A further contribution to the structure of the epic is made by astrology. There can be no doubting the significant role played by astral lore and planetary wanderings in the Dionysiaca. The enigmatic tablets of Harmonia in Book 12 constitute a set of horoscopes for a cosmic year (each of the six tablets covers two star signs) that begins at the beginning of Greek mythology and moves down to the end of the age of heroes. It has been argued that, in an analogous manner, the Dionysiaca constitutes its own cosmic year, with its 48 books divisible into four seasons each consisting of the twelve signs of the zodiac.

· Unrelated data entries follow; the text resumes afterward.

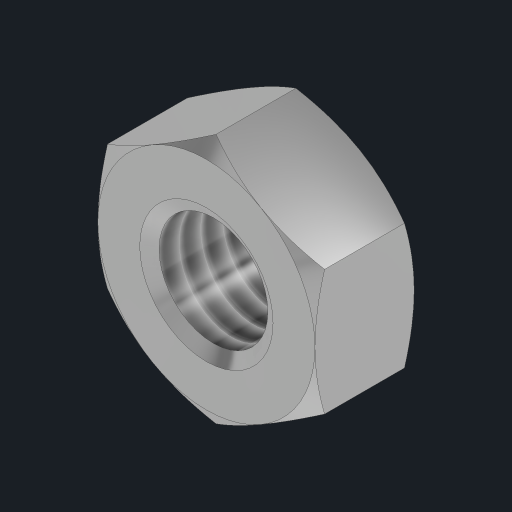
# Autodesk Inventor part: Porca Sextavada DIN 934 - M4 - 8
Saved by Autodesk Inventor 2024.3 (Build 283343000, 343)
## iProperties
Created: 2025-07-13
Part Number: Porca Sextavada DIN 934 - M4 - 8
Material: Aço inoxidável
Document SubType Name: Modeling
Designer: Cliente
Mass: 0.824132 g
Surface Area: 1.70892 cm^2
Volume: 0.103016 cm^3
Density: 8 g/cm^3
Appearance: Aço inoxidável - Brilhoso
Author: Cliente
Autodesk Inventor part; units mm, degrees
ref_plane "YZ Plane" through (0, 0, 0) normal (1, 0, 0) x (0, 1, 0)
ref_plane "XZ Plane" through (0, 0, 0) normal (0, 1, 0) x (-1, 0, 0)
ref_plane "XY Plane" through (0, 0, 0) normal (0, 0, 1) x (1, 0, 0)
sketch "Esboço1" plane through (0, 0, 0) normal (0, 0, 1) x (1, 0, 0)
  line L0 (0, 4.0415) -> (3.5, 2.0207)
  line L1 (3.5, 2.0207) -> (3.5, -2.0207)
  line L2 (3.5, -2.0207) -> (0, -4.0415)
  line L3 (0, -4.0415) -> (-3.5, -2.0207)
  line L4 (-3.5, -2.0207) -> (-3.5, 2.0207)
  line L5 (-3.5, 2.0207) -> (0, 4.0415)
  circle A0 centre (0, 0) radius 1.755
  dimension "d0" = 7
  dimension "d1" = 3.51
  constraints: 12 end point, 2 coincident, 1 centre point, 1 vertical alignment, 13 other
  measures "d0" distance between parallel lines of L1 L4
  measures "d1" diameter of A0
extrude "Extrusão1" add sketch "Esboço1" along normal blind 3.2
sketch "Esboço2" plane through (0, 0, 0) normal (1, 0, 0) x (0, 1, 0)
  line L0 (4.0415, 0) -> (2.0207, 0) projected
  line L1 (2.0207, 0) -> (2.0207, 3.2) projected
  line L2 (4.0415, 3.2) -> (2.0207, 3.2) projected
  line L3 (4.0415, 0) -> (4.0415, 3.2) projected
  line L4 (1.755, 3.2) -> (1.755, 0) projected
  line L5 (0, 0) -> (2.15, 0)
  line L6 (2.15, 0) -> (1.755, 0.2281)
  line L7 (0, 0) -> (3.5, 0)
  line L8 (3.5, 0) -> (4.0415, 0.3126)
  line L9 (3.5, 0) -> (4.1252, 0) construction
  line L10 (0, -0.48) -> (0, 2.88) projected
  line L11 (0, 1.6) -> (1.755, 1.6)
  line L12 (0, 3.2) -> (2.15, 3.2)
  line L13 (2.15, 3.2) -> (1.755, 2.9719)
  line L14 (3.5, 3.2) -> (4.0415, 2.8874)
  point P0 (2.0207, 0.0746)
  point P1 (3.5, 3.2)
  point P2 (1.755, 0)
  dimension "d4" = 2.15
  dimension "d5" = 30
  dimension "d6" = 3.5
  dimension "d7" = 30
  constraints: 18 end point, 5 point on line, 5 symmetric about line, 2 horizontal, 1 equal length, 1 midpoint
  measures "d4" distance of L5.start L5.end
  measures "d5" angle of L6 L5
  measures "d6" distance of L5.start L7.end
  measures "d7" angle of L9 L8
revolve "Revolução1" cut sketch "Esboço2" angle 360 about axis through (0, 0, -10) along (0, 0, 1) contours L0 L8 L3 | L0 L1 L6 | L14 L2 L3 | L5 L4 L6 L1 | L13 L4 L12 L1 | L1 L2 L13
thread "Rosca1" size "M4x0.7" class "6H" standard "ANSI Metric M Profile" full length

The systems of astrology, ring-composition and encomium come persuasively into view at different times over the course of the epic. Yet not one of these structures is able to bear the entire weight of the 48-book narrative. It is in vain that one looks for a single, unifying superstructure: the narrative of the Dionysiaca refuses to be contained within the rigid bonds of any one system. Conventional approaches to Nonnus’ narrative have seen this overlapping web of structures as a sign of poetic incompetence and degeneracy from the classical Golden Age, suggesting that Nonnus has failed to develop and sustain a coherent narrative structure. Our postmodern age can afford to be more sympathetic to the multiple structures and narratives contained within the Dionysiaca. We have already seen how from a stylistic point of view Nonnus was the product of an age when surface display and the juxtaposition of individual scenes came to dominate over wider narrative concerns. In one important respect, however, Nonnus’ epic ran counter to the spirit of the age: scale. In fifth-century ce Egypt epyllia, encomia, and patria - works of small scale and modest ambition - were the prevalent literary modes of expression. The appearance of a 48-book epic must have been nothing short of astonishing. Nonnus attempted what no other poet from the whole of late antiquity was ever to attempt: the combination of an ornate and episodic style with the demands of a grand, unifying narrative. Nonnus’ multiplex narrative is the result of that attempt, and from our knowledge of the epic’s early reception, it was a spectacular success.